Так, ирландский философ Ф. Хатчесон способность получать удовольствие от живописи, архитектуры, поэтических произведений рассматривал как предопределенную и это утверждение пытался согласовать с необходимостью просвещения и образования. Другой теоретик этого периода К. Гельвеций придерживался более радикальной точки зрения, утверждая, что от природы все люди равны. Отсюда его главный вывод о необходимости всеобщего воспитания и образования. «Я рассматриваю ум, гений и добродетель как продукт воспитания», – говорил К. Гельвеций [33]. Наука о воспитании сводилась к тому, чтобы поставить людей в положение, которое заставило бы их приобрести желательные таланты и добродетели. Если государи проявляют дарования, то ими они обязаны суровости своего воспитания, испытаниям и бедствиям. Чем суровее воспитание, тем оно здоровее для тех, кому придется управлять другими [28].

Главенствующей идее о гениальности как продукте воспитания Д. Дидро оппонировал идеей о гениальности как природной склонности к чему-либо. Гельвеций считал, что соревнование создает гениальных людей, а желание прославиться – людей талантливых. На что Дидро отвечал тем, что это есть причины, которые дают им возможность проявиться [14].

Большая же часть философов настаивала на том, что природа свои дары делит поровну. Каждый человек может быть развит до самой высокой степени гениальности – все дело в тех условиях, в которых он оказался [33].

В немецкой поэзии и философии XVIII в., включая романтику, гений – это выдающийся, исключительный человек [46]. И. Кант называл гениального человека «любимцем природы», а «гений» – врожденным душевным свойством, благодаря которому природа предписывает правила не только науке, но и (изящным) искусствам [48]. В философских трактатах немецкого теоретика была представлена одна из первых концепций гениальности. Согласно автору, сущностным свойством гения является творчество («оригинальность») как противоположность подражательности. В этом он видел качественное отличие гениальности от таланта, предполагающего высокую способность к обучаемости и в этом смысле неизбежно сопряженного с подражательностью.

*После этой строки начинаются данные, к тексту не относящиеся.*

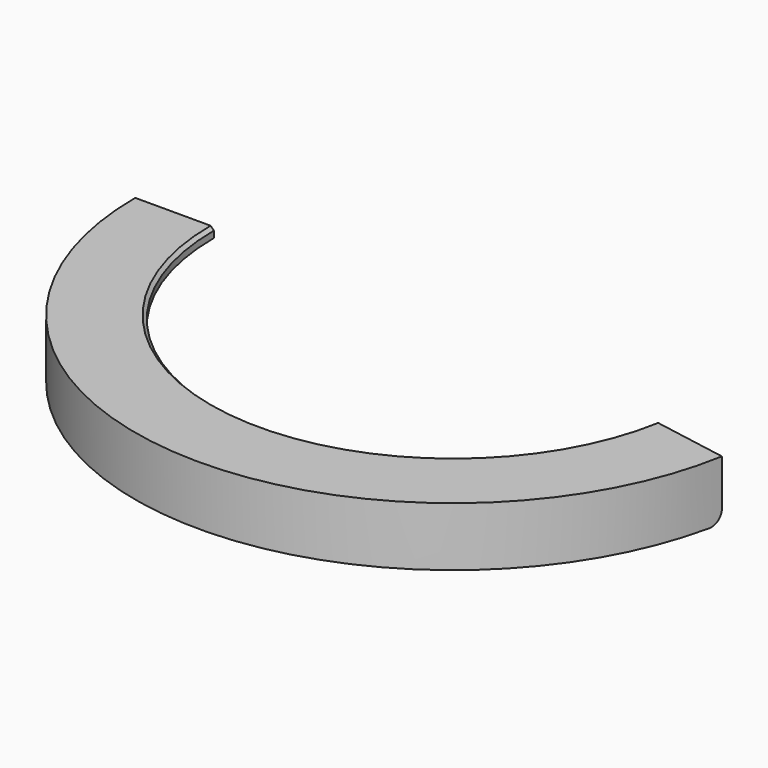
from build123d import *

# Parameters (mm, degrees)
F1_ANGLE = 170
F2_SIZE  = 0.5
F3_R     = 2
F4_SIZE  = 0.5


# Not quite as in the source:
# - a feature names something its author has since deleted; it is built from what else it names


with BuildPart() as f1:
    # F0 (on Front) → F1 (revolve)
    with BuildSketch(Plane.XZ):
        Polygon((-48.5, 9), (-48.5, 0), (-46.5, 0), (-46.5, 8), (-42.5, 8), (-38.5, 7.5), (-36.5, 7.5), (-36.5, 9), align=None)
    revolve(axis=Axis((0, 0, 4.2486875318), (0, 0, 1)), revolution_arc=F1_ANGLE)

    # F2
    f2_edges = [f1.edges().sort_by_distance(p)[0] for p in [
        (-4.052742, -46.323053, 0),
    ]]
    chamfer(f2_edges, length=F2_SIZE)

    # F3
    f3_edges = [f1.edges().sort_by_distance(p)[0] for p in [
        (47.02457, -8.2917, 0),
        (-47.75, 0, 0),
    ]]
    fillet(f3_edges, radius=F3_R)

    # F4
    f4_edges = [f1.edges().sort_by_distance(p)[0] for p in [
        (-3.181185, -36.361106, 9),
    ]]
    chamfer(f4_edges, length=F4_SIZE)


solid = f1.part

На этом основании И. Кант даже был склонен ограничить сферу самореализации гения одним лишь искусством. Обращаясь к примеру И. Ньютона, И. Кант отказывал знаменитому ученому в гениальности, ибо «всему тому, что И. Ньютон изложил в своем бессмертном труде о началах философии природы, сколь ни велик должен был быть ум, способный открыть подобное, – все-таки можно научиться; но невозможно научиться вдохновенно создавать поэтические произведения, как бы подробны ни были предписания стихосложения и как бы превосходны ни были образцы» [48]. Однако позже в трактате «Антропология с прагматической точки зрения» И. Кант отказался от идеи ограничения сферы самореализации гения одним лишь изящным искусством и в основу градации природных способностей он заложил интеллект [48].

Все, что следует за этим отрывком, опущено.